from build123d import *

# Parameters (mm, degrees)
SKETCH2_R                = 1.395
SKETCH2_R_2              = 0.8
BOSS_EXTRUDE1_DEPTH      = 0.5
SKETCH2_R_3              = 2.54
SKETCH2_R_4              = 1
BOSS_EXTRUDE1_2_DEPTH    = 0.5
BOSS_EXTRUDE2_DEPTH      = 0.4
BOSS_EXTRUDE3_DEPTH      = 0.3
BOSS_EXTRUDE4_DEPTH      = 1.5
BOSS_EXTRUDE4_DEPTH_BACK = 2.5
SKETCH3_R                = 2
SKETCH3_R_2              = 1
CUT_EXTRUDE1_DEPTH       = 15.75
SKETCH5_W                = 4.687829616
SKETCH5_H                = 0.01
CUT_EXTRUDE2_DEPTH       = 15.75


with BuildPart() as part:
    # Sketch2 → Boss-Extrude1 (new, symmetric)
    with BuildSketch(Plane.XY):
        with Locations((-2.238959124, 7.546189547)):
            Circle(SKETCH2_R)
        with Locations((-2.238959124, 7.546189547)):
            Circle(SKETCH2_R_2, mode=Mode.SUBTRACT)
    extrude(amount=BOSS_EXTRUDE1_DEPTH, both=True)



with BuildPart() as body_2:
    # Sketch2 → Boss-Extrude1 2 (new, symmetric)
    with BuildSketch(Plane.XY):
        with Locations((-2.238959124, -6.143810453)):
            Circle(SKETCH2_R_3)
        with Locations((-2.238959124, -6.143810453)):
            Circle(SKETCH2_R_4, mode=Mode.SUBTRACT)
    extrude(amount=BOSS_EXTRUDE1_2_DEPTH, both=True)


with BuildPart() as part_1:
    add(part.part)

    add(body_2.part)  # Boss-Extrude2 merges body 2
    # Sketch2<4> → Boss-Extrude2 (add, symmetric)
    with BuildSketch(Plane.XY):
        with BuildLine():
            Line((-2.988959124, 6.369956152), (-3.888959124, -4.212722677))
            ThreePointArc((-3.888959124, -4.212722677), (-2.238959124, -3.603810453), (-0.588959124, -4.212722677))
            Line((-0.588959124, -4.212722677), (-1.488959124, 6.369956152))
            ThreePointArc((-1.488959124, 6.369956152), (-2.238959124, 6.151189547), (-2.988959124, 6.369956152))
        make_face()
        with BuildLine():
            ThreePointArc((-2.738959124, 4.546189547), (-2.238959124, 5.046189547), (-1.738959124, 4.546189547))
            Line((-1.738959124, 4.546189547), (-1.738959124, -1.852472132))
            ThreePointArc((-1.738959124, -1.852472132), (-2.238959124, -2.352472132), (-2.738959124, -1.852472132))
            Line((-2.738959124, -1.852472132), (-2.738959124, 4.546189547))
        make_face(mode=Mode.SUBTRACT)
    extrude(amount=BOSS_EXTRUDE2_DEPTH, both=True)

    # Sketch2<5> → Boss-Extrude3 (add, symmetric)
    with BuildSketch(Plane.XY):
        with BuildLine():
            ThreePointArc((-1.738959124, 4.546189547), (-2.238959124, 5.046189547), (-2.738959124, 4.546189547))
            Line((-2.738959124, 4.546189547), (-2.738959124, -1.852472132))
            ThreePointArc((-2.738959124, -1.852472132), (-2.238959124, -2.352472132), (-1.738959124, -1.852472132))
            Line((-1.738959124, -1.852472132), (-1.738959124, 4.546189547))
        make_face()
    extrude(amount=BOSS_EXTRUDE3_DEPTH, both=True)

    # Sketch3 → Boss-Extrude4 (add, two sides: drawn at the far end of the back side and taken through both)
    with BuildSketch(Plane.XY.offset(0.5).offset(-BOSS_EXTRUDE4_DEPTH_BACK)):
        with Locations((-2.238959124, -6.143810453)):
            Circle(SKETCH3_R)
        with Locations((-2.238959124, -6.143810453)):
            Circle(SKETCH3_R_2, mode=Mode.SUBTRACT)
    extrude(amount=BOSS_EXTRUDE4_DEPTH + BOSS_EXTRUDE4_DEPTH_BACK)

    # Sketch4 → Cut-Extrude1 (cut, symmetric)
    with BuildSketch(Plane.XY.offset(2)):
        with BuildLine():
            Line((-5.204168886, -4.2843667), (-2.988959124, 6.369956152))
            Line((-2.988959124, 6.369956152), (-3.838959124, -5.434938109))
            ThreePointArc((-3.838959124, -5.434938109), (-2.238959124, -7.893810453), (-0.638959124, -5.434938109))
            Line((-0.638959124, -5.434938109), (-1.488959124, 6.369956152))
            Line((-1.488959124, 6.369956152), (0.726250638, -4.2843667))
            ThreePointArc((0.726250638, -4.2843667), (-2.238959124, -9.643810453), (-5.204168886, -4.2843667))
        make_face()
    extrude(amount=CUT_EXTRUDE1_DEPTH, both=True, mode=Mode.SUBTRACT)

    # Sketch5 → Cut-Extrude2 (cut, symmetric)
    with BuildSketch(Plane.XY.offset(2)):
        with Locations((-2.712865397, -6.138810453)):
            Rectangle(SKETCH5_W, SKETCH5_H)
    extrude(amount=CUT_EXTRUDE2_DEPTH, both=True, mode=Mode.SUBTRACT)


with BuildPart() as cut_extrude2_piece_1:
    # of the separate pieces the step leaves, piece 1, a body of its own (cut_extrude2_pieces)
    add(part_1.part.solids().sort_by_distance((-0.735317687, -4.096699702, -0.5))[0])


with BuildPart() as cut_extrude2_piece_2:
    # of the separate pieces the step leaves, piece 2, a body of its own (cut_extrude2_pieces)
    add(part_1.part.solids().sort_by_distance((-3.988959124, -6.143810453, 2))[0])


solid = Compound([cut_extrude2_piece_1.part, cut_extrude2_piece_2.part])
○ ○ ○ ○ ○
▶ _Exercise_:
What you give back must match the material word for word.

▶ _Response below_:
from build123d import *

# Parameters (mm, degrees)
SKETCH2_R                = 1.395
SKETCH2_R_2              = 0.8
BOSS_EXTRUDE1_DEPTH      = 0.5
SKETCH2_R_3              = 2.54
SKETCH2_R_4              = 1
BOSS_EXTRUDE1_2_DEPTH    = 0.5
BOSS_EXTRUDE2_DEPTH      = 0.4
BOSS_EXTRUDE3_DEPTH      = 0.3
BOSS_EXTRUDE4_DEPTH      = 1.5
BOSS_EXTRUDE4_DEPTH_BACK = 2.5
SKETCH3_R                = 2
SKETCH3_R_2              = 1
CUT_EXTRUDE1_DEPTH       = 15.75
SKETCH5_W                = 4.687829616
SKETCH5_H                = 0.01
CUT_EXTRUDE2_DEPTH       = 15.75


with BuildPart() as part:
    # Sketch2 → Boss-Extrude1 (new, symmetric)
    with BuildSketch(Plane.XY):
        with Locations((-2.238959124, 7.546189547)):
            Circle(SKETCH2_R)
        with Locations((-2.238959124, 7.546189547)):
            Circle(SKETCH2_R_2, mode=Mode.SUBTRACT)
    extrude(amount=BOSS_EXTRUDE1_DEPTH, both=True)



with BuildPart() as body_2:
    # Sketch2 → Boss-Extrude1 2 (new, symmetric)
    with BuildSketch(Plane.XY):
        with Locations((-2.238959124, -6.143810453)):
            Circle(SKETCH2_R_3)
        with Locations((-2.238959124, -6.143810453)):
            Circle(SKETCH2_R_4, mode=Mode.SUBTRACT)
    extrude(amount=BOSS_EXTRUDE1_2_DEPTH, both=True)


with BuildPart() as part_1:
    add(part.part)

    add(body_2.part)  # Boss-Extrude2 merges body 2
    # Sketch2<4> → Boss-Extrude2 (add, symmetric)
    with BuildSketch(Plane.XY):
        with BuildLine():
            Line((-2.988959124, 6.369956152), (-3.888959124, -4.212722677))
            ThreePointArc((-3.888959124, -4.212722677), (-2.238959124, -3.603810453), (-0.588959124, -4.212722677))
            Line((-0.588959124, -4.212722677), (-1.488959124, 6.369956152))
            ThreePointArc((-1.488959124, 6.369956152), (-2.238959124, 6.151189547), (-2.988959124, 6.369956152))
        make_face()
        with BuildLine():
            ThreePointArc((-2.738959124, 4.546189547), (-2.238959124, 5.046189547), (-1.738959124, 4.546189547))
            Line((-1.738959124, 4.546189547), (-1.738959124, -1.852472132))
            ThreePointArc((-1.738959124, -1.852472132), (-2.238959124, -2.352472132), (-2.738959124, -1.852472132))
            Line((-2.738959124, -1.852472132), (-2.738959124, 4.546189547))
        make_face(mode=Mode.SUBTRACT)
    extrude(amount=BOSS_EXTRUDE2_DEPTH, both=True)

    # Sketch2<5> → Boss-Extrude3 (add, symmetric)
    with BuildSketch(Plane.XY):
        with BuildLine():
            ThreePointArc((-1.738959124, 4.546189547), (-2.238959124, 5.046189547), (-2.738959124, 4.546189547))
            Line((-2.738959124, 4.546189547), (-2.738959124, -1.852472132))
            ThreePointArc((-2.738959124, -1.852472132), (-2.238959124, -2.352472132), (-1.738959124, -1.852472132))
            Line((-1.738959124, -1.852472132), (-1.738959124, 4.546189547))
        make_face()
    extrude(amount=BOSS_EXTRUDE3_DEPTH, both=True)

    # Sketch3 → Boss-Extrude4 (add, two sides: drawn at the far end of the back side and taken through both)
    with BuildSketch(Plane.XY.offset(0.5).offset(-BOSS_EXTRUDE4_DEPTH_BACK)):
        with Locations((-2.238959124, -6.143810453)):
            Circle(SKETCH3_R)
        with Locations((-2.238959124, -6.143810453)):
            Circle(SKETCH3_R_2, mode=Mode.SUBTRACT)
    extrude(amount=BOSS_EXTRUDE4_DEPTH + BOSS_EXTRUDE4_DEPTH_BACK)

    # Sketch4 → Cut-Extrude1 (cut, symmetric)
    with BuildSketch(Plane.XY.offset(2)):
        with BuildLine():
            Line((-5.204168886, -4.2843667), (-2.988959124, 6.369956152))
            Line((-2.988959124, 6.369956152), (-3.838959124, -5.434938109))
            ThreePointArc((-3.838959124, -5.434938109), (-2.238959124, -7.893810453), (-0.638959124, -5.434938109))
            Line((-0.638959124, -5.434938109), (-1.488959124, 6.369956152))
            Line((-1.488959124, 6.369956152), (0.726250638, -4.2843667))
            ThreePointArc((0.726250638, -4.2843667), (-2.238959124, -9.643810453), (-5.204168886, -4.2843667))
        make_face()
    extrude(amount=CUT_EXTRUDE1_DEPTH, both=True, mode=Mode.SUBTRACT)

    # Sketch5 → Cut-Extrude2 (cut, symmetric)
    with BuildSketch(Plane.XY.offset(2)):
        with Locations((-2.712865397, -6.138810453)):
            Rectangle(SKETCH5_W, SKETCH5_H)
    extrude(amount=CUT_EXTRUDE2_DEPTH, both=True, mode=Mode.SUBTRACT)


with BuildPart() as cut_extrude2_piece_1:
    # of the separate pieces the step leaves, piece 1, a body of its own (cut_extrude2_pieces)
    add(part_1.part.solids().sort_by_distance((-0.735317687, -4.096699702, -0.5))[0])


with BuildPart() as cut_extrude2_piece_2:
    # of the separate pieces the step leaves, piece 2, a body of its own (cut_extrude2_pieces)
    add(part_1.part.solids().sort_by_distance((-3.988959124, -6.143810453, 2))[0])


solid = Compound([cut_extrude2_piece_1.part, cut_extrude2_piece_2.part])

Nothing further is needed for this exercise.